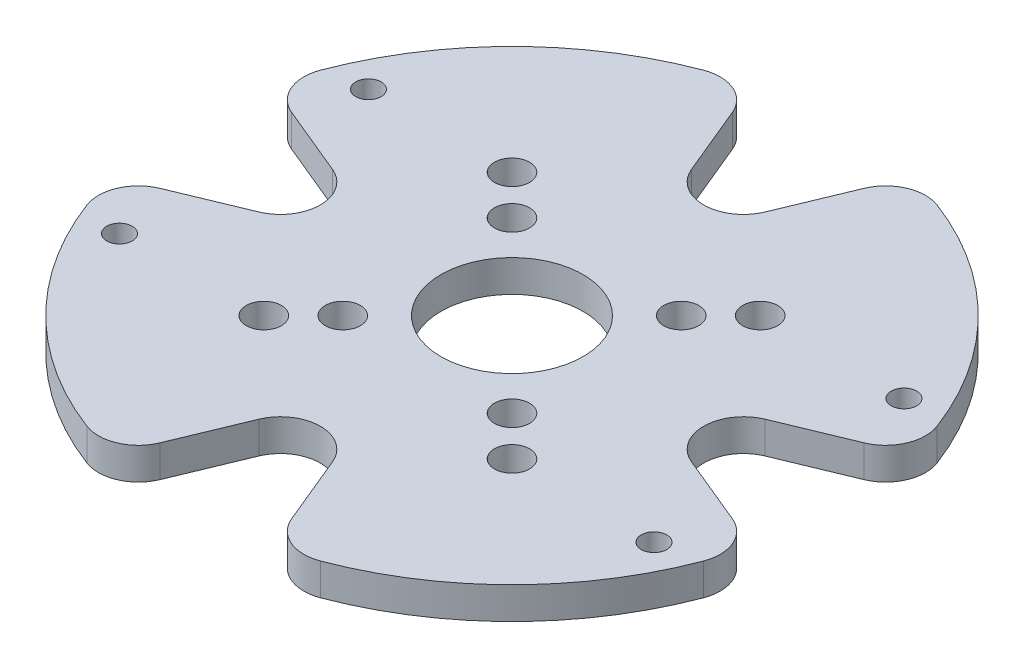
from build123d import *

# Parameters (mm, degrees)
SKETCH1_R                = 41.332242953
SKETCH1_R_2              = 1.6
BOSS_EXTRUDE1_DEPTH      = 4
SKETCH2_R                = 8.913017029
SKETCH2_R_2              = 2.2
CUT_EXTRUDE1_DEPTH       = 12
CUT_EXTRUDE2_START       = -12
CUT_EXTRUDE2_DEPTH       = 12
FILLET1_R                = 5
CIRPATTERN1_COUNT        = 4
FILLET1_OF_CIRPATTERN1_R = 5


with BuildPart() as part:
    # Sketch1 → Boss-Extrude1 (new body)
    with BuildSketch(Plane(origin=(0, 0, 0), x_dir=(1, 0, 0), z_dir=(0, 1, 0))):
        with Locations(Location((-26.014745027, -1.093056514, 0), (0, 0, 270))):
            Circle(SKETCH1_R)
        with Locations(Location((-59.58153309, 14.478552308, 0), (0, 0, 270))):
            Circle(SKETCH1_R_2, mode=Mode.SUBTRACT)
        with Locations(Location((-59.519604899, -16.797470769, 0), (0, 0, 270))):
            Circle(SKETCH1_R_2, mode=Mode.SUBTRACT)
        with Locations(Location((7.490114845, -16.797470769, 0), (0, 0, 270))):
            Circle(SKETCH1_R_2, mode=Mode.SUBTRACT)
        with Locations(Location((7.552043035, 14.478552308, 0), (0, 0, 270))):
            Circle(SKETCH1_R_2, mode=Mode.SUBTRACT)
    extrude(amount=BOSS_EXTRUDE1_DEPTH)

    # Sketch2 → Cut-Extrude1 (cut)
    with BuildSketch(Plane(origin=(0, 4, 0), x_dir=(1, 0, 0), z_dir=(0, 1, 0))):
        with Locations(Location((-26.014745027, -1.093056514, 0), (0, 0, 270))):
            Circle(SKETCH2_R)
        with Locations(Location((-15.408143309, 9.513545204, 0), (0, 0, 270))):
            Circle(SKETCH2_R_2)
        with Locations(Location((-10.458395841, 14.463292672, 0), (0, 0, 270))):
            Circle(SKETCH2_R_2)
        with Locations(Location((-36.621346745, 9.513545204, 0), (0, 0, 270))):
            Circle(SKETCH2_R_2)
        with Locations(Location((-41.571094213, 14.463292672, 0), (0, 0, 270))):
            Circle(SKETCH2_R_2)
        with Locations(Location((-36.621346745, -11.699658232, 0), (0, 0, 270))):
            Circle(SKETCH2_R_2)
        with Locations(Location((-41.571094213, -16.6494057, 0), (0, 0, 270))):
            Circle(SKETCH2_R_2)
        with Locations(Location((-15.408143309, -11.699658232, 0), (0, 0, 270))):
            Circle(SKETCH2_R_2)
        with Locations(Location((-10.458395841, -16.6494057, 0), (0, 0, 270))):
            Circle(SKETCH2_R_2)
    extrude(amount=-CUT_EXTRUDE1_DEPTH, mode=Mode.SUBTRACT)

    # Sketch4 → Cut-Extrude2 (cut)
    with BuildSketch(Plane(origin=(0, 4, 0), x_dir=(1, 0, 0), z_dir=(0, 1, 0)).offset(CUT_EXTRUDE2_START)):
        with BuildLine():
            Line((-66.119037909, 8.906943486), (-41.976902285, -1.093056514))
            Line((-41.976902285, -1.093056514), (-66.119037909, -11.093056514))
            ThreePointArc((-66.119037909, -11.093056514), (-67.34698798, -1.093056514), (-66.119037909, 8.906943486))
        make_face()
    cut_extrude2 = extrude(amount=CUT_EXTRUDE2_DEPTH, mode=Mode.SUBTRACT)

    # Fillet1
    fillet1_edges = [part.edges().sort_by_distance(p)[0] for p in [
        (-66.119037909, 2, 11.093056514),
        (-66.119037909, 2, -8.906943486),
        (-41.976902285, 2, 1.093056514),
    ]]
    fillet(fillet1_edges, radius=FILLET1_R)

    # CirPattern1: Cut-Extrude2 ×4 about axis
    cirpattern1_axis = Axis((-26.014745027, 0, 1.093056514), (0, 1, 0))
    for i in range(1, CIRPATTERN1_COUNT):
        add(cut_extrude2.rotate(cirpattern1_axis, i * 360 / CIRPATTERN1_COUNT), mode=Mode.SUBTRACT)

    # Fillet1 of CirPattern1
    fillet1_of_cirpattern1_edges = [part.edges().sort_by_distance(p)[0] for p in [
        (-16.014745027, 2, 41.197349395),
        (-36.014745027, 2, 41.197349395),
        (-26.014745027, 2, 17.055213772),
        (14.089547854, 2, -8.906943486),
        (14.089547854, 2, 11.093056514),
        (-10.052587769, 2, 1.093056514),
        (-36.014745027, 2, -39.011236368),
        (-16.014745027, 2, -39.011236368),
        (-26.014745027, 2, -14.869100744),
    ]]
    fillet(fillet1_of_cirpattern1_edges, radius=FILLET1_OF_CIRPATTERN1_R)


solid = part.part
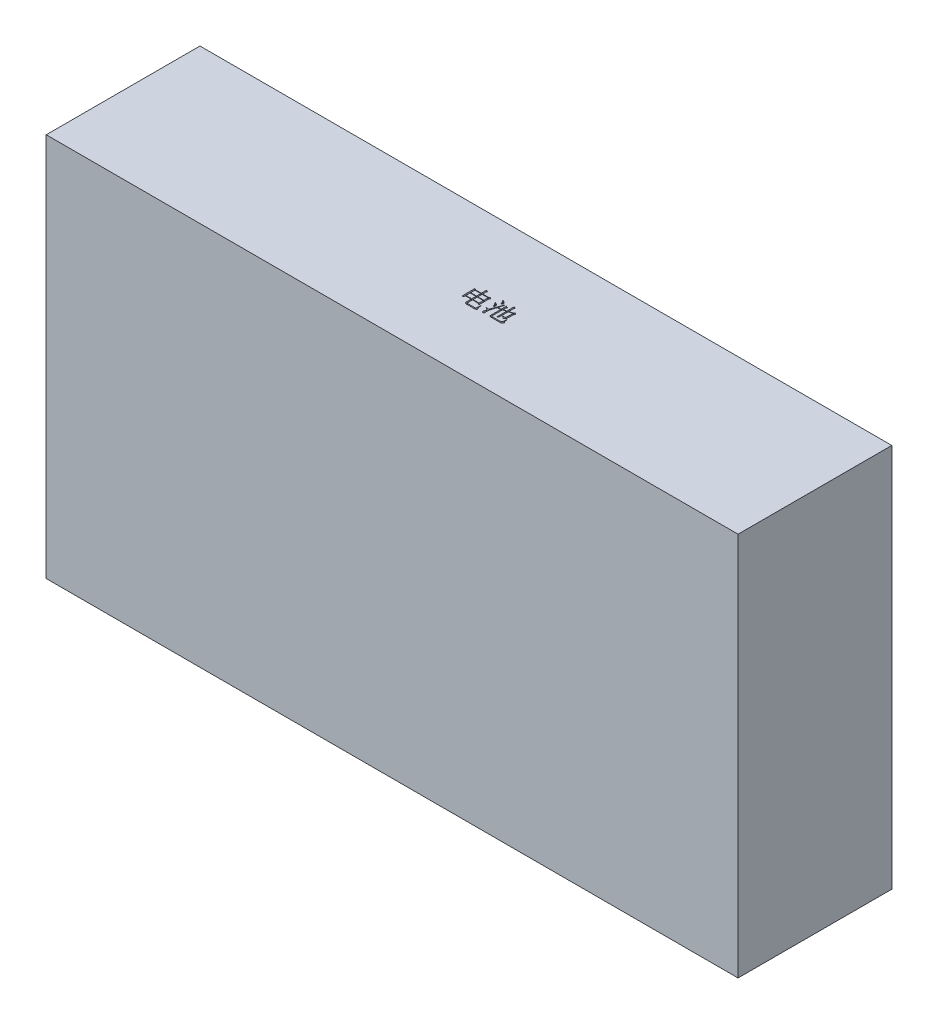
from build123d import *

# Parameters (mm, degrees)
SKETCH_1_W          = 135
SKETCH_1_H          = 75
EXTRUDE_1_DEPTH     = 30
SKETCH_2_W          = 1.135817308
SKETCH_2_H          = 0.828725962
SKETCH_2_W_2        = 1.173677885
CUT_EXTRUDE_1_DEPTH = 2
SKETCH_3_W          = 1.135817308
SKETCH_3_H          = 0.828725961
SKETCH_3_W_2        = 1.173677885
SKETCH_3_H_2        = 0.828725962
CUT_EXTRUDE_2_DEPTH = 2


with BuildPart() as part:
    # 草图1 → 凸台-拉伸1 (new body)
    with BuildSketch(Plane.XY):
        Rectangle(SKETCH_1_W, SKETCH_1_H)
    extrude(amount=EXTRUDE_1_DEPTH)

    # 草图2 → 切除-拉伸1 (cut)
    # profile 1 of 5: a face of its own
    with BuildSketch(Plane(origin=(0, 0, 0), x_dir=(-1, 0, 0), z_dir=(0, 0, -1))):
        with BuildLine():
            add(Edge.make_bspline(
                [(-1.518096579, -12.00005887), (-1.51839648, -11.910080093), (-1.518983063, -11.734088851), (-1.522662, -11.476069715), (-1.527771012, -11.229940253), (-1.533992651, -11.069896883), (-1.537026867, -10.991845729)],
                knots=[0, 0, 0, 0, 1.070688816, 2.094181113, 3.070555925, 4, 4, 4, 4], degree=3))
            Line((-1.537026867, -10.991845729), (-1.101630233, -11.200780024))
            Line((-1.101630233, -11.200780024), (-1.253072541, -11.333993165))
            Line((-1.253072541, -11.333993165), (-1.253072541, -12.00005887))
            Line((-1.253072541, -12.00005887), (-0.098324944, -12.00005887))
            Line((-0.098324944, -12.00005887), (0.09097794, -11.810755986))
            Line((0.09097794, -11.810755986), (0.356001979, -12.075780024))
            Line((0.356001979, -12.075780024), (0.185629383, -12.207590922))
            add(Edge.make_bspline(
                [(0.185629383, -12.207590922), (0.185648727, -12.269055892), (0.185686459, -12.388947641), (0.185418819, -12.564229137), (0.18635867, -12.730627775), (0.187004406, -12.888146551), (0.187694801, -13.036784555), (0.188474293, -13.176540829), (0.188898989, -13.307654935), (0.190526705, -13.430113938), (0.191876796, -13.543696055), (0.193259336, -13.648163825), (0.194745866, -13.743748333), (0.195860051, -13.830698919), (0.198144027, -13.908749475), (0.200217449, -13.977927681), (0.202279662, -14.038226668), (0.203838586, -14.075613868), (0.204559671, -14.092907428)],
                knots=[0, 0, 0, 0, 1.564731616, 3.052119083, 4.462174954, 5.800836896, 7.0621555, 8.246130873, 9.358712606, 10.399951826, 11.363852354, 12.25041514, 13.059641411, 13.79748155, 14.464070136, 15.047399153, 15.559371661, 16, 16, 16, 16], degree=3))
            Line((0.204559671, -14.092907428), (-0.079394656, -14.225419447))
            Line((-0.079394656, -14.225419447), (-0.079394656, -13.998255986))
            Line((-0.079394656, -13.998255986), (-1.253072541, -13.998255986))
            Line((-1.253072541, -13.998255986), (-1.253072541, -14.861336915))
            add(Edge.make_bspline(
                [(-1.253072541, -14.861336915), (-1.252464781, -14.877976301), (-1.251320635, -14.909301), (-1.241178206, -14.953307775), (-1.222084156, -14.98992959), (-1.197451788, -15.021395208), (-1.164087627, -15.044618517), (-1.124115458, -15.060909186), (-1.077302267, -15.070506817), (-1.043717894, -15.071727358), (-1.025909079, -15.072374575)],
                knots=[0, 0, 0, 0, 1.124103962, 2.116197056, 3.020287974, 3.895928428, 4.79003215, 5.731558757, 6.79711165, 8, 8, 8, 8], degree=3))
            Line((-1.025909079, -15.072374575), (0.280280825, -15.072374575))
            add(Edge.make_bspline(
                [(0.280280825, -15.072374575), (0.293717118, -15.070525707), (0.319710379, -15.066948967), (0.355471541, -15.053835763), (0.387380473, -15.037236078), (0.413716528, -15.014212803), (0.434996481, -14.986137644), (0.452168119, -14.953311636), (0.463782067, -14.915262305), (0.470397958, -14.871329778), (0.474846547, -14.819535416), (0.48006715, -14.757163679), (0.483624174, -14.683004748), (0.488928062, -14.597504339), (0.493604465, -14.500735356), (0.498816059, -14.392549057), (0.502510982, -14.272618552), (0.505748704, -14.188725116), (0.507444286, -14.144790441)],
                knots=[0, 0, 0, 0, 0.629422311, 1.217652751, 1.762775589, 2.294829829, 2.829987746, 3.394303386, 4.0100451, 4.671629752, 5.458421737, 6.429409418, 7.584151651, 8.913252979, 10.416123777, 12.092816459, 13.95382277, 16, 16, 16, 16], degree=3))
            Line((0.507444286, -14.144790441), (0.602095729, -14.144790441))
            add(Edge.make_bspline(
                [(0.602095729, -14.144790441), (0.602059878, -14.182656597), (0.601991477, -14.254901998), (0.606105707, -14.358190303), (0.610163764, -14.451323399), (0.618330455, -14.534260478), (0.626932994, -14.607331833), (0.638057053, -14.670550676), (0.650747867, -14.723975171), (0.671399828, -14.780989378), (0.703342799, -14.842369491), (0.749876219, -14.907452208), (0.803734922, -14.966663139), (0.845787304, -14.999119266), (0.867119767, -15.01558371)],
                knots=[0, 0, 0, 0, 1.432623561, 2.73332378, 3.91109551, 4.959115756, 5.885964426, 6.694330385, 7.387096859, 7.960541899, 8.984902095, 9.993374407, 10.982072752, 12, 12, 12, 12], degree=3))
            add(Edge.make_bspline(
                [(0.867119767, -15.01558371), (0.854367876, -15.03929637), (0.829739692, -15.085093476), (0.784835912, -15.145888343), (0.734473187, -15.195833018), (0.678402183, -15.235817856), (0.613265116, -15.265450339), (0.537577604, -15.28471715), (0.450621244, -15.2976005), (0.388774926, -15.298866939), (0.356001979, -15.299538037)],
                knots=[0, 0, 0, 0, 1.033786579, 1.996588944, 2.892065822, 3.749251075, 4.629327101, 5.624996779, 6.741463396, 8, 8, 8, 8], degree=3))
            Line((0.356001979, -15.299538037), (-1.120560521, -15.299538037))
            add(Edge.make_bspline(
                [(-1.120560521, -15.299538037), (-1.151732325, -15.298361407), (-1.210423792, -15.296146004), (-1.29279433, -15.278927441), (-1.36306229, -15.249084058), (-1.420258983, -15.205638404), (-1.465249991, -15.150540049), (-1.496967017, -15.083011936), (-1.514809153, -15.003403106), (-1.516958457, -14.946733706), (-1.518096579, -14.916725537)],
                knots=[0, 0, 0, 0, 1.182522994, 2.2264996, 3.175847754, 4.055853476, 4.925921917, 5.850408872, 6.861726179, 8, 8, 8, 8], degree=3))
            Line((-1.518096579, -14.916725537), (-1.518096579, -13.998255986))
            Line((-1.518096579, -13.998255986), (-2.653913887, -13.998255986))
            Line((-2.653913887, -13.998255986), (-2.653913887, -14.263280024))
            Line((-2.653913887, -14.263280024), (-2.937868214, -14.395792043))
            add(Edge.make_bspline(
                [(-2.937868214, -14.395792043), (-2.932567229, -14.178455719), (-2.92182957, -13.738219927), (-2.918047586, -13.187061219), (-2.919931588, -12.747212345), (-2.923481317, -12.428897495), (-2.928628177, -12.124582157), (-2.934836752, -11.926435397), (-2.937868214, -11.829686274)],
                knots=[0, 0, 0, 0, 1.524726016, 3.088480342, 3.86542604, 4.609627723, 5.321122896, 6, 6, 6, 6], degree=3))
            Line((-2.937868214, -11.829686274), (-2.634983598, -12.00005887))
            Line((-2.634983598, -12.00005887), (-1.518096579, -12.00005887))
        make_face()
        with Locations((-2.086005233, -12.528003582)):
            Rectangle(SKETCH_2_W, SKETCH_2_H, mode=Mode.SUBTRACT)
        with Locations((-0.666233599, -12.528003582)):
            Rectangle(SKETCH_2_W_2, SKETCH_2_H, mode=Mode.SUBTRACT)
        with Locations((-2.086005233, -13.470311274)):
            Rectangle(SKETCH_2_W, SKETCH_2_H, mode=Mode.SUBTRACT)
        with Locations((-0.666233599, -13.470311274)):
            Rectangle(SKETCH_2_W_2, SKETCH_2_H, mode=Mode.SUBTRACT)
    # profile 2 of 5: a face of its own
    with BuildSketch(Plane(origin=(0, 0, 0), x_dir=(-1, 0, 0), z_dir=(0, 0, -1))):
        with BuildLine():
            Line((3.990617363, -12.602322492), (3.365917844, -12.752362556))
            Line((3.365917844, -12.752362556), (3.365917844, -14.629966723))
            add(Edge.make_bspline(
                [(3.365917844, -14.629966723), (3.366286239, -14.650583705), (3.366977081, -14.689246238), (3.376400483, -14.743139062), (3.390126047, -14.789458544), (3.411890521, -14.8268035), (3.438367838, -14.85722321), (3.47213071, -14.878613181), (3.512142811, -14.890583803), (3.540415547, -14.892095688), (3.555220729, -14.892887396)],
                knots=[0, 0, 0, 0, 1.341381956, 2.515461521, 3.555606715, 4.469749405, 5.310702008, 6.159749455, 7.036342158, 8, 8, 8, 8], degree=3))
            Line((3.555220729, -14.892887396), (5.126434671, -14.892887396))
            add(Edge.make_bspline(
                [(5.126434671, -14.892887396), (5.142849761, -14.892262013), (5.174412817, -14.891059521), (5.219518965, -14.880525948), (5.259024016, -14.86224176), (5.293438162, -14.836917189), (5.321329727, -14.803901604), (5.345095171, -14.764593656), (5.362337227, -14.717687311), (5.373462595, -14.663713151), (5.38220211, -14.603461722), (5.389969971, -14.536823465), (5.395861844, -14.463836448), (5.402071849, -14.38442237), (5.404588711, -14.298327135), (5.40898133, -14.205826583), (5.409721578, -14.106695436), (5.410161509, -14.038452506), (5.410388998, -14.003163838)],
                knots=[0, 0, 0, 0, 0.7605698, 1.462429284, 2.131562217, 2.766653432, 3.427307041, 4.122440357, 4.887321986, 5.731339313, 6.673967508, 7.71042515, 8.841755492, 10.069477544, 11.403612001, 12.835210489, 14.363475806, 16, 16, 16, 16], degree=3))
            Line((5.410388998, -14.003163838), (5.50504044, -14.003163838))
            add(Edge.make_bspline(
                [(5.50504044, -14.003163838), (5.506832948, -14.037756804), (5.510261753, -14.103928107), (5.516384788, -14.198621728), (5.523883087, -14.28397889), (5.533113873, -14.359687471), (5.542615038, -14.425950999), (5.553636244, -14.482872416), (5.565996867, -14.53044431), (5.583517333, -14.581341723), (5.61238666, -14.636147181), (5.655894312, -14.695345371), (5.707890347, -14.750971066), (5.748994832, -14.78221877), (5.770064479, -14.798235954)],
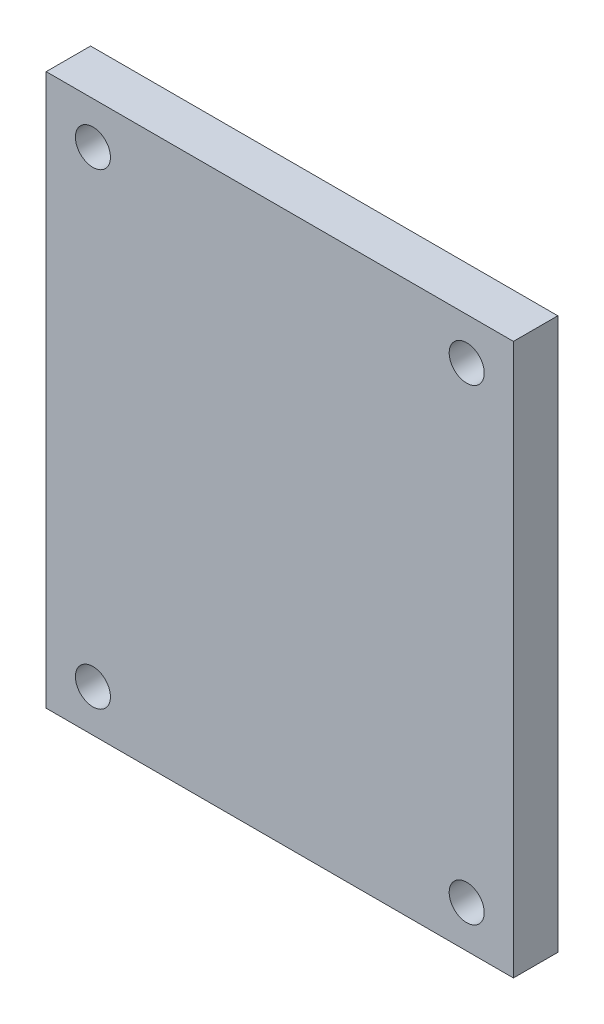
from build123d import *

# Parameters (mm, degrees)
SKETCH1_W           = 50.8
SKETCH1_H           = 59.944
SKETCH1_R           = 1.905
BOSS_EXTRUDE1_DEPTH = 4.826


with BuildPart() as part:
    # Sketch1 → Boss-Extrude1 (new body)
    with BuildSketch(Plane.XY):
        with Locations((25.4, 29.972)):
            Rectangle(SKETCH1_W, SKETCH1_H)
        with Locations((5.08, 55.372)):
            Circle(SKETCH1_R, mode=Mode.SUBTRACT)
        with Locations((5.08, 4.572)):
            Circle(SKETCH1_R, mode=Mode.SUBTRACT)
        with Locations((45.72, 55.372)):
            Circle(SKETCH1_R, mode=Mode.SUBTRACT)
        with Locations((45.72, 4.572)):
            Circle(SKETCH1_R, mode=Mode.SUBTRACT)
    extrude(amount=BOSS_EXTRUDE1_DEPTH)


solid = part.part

=======

> [WHAT THE TASK REQUIRES] Your job is to copy out every line from the records above that has the word "amount".

> [SOLUTION TO THIS PROBLEM]
    extrude(amount=BOSS_EXTRUDE1_DEPTH)
    extrude(amount=-CUT_EXTRUDE1_DEPTH, mode=Mode.SUBTRACT)
    cut_extrude2 = extrude(amount=CUT_EXTRUDE2_DEPTH, mode=Mode.SUBTRACT)
    extrude(amount=EXTRUDE_1_DEPTH)
    extrude(amount=BOSS_EXTRUDE1_DEPTH)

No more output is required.